Through the generatrix of the cylinder, two mutually perpendicular sections are drawn

Through the generatrix of the cylinder, two mutually perpendicular sections are drawn, the areas of which are 16 and 30 cm ^ 2. Find the side of the cylinder.

Let the chord length AB = X cm, and the chord BC = Y cm, then the sectional area CC1B1B = Y * BB1 = 16 cm2, and the sectional area AA1B1B = X * BB1 = 30 cm2. Then Y = 16 / BB1, X = 30 / BB1.

Since the sections are perpendicular, the triangle ABC is rectangular, and then the hypotenuse of the AC coincides with the diameter of the circle at the base of the cylinder.

Then, by the Pythagorean theorem, AC ^ 2 = BC ^ 2 + AB ^ 2 = Y ^ 2 + X ^ 2 = (16 / BB1) ^ 2 + (30 / BB1) ^ 2 = (16 ^ 2 + 30 ^ 2) / BB1 ^ 2.
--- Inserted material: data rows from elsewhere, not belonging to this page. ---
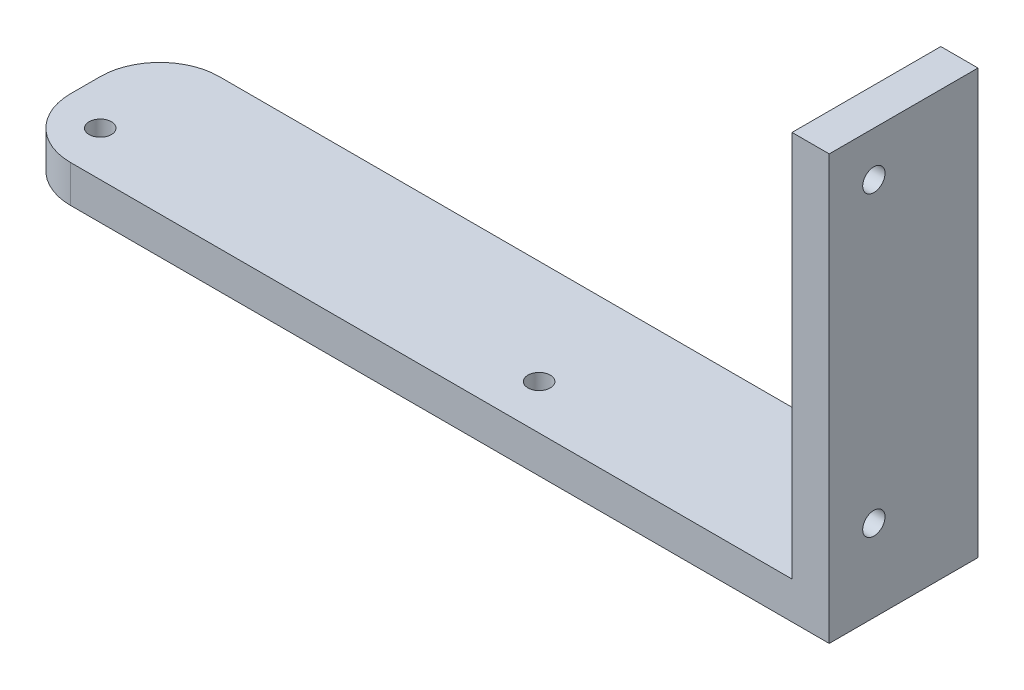
from build123d import *

# Parameters (mm, degrees)
SKETCH1_W           = 110
SKETCH1_H           = 20
BOSS_EXTRUDE1_DEPTH = 5
SKETCH2_W           = 5
SKETCH2_H           = 20
BOSS_EXTRUDE2_DEPTH = 52
SKETCH3_R           = 1.5
CUT_EXTRUDE1_DEPTH  = 6
FILLET1_R           = 8
SKETCH4_R           = 1.5
CUT_EXTRUDE2_DEPTH  = 6


with BuildPart() as part:
    # Sketch1 → Boss-Extrude1 (new body)
    with BuildSketch(Plane(origin=(0, 0, 0), x_dir=(1, 0, 0), z_dir=(0, 1, 0))):
        with Locations((55, 10)):
            Rectangle(SKETCH1_W, SKETCH1_H)
    extrude(amount=BOSS_EXTRUDE1_DEPTH)

    # Sketch2 → Boss-Extrude2 (add)
    with BuildSketch(Plane(origin=(0, 5, 0), x_dir=(1, 0, 0), z_dir=(0, 1, 0))):
        with Locations((107.5, 10)):
            Rectangle(SKETCH2_W, SKETCH2_H)
    extrude(amount=BOSS_EXTRUDE2_DEPTH)

    # Sketch3 → Cut-Extrude1 (cut, through all)
    with BuildSketch(Plane(origin=(0, 5, 0), x_dir=(1, 0, 0), z_dir=(0, 1, 0))):
        with Locations((6, 6)):
            Circle(SKETCH3_R)
        with Locations((65, 6)):
            Circle(SKETCH3_R)
    extrude(amount=-CUT_EXTRUDE1_DEPTH, mode=Mode.SUBTRACT)

    # Fillet1
    fillet1_edges = [part.edges().sort_by_distance(p)[0] for p in [
        (0, 2.5, 0),
        (0, 2.5, -20),
    ]]
    fillet(fillet1_edges, radius=FILLET1_R)

    # Sketch4 → Cut-Extrude2 (cut, through all)
    with BuildSketch(Plane.ZY.offset(-105)):
        with Locations((-6, 11)):
            Circle(SKETCH4_R)
        with Locations((-6, 51)):
            Circle(SKETCH4_R)
    extrude(amount=-CUT_EXTRUDE2_DEPTH, mode=Mode.SUBTRACT)


solid = part.part
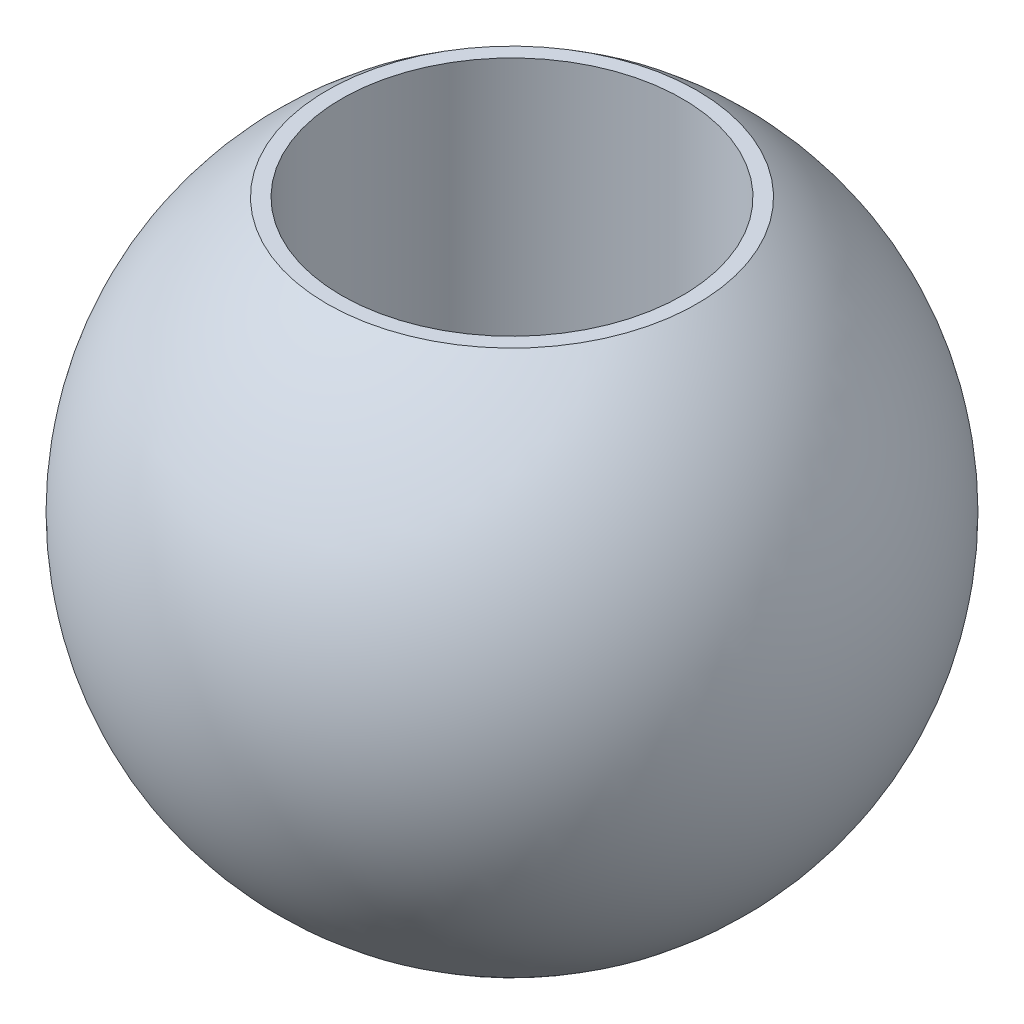
from build123d import *
from build123d.topology import SkipClean

# Parameters (mm, degrees)
CUT_EXTRUDE_1_DEPTH = 5
SKETCH_3_R          = 1.5
CUT_EXTRUDE_2_DEPTH = 9.067837381


with BuildPart() as part:
    # 草图1 → 旋转1 (revolve)
    with BuildSketch(Plane.XY):
        with BuildLine():
            Line((0, 0), (5.8, 0))
            ThreePointArc((5.8, 0), (2.9, 2.9), (0, 0))
        make_face()
    revolve(axis=Axis((0, 0, 0), (1, 0, 0)))

    # 草图2 → 切除-拉伸1 (cut, symmetric)
    with SkipClean():  # the faces are left unmerged after this step: merging them gives an invalid solid
        with BuildSketch(Plane.XY):
            with BuildLine():
                Line((1.27211794, -2.4), (4.52788206, -2.4))
                ThreePointArc((4.52788206, -2.4), (2.9, -2.9), (1.27211794, -2.4))
            make_face()
            with BuildLine():
                Line((1.27211794, 2.4), (4.52788206, 2.4))
                ThreePointArc((4.52788206, 2.4), (2.9, 2.9), (1.27211794, 2.4))
            make_face()
        extrude(amount=CUT_EXTRUDE_1_DEPTH, both=True, mode=Mode.SUBTRACT)

    # 草图3 → 切除-拉伸2 (cut, through all)
    with SkipClean():  # the faces are left unmerged after this step: merging them gives an invalid solid
        with BuildSketch(Plane(origin=(0, 2.4, 0), x_dir=(1, 0, 0), z_dir=(0, 1, 0))):
            with Locations(Location((2.9, 0, 0), (0, 0, 270))):
                Circle(SKETCH_3_R)
        extrude(amount=-CUT_EXTRUDE_2_DEPTH, mode=Mode.SUBTRACT)


solid = part.part

(2 * R) ^ 2 = (16 ^ 2 + 30 ^ 2) / BB1 ^ 2.

(2 * R) ^ 2 = 1156 / BB1 ^ 2.

2 * R = 34 / BB1.

R * BB1 = 34/2 = 17.

Let us determine the area of ​​the lateral surface of the cylinder.

Side = 2 * n * R * BB1 = 2 * n * 17 = n * 34 cm2.

Answer: The lateral surface area is equal to n * 34 cm2.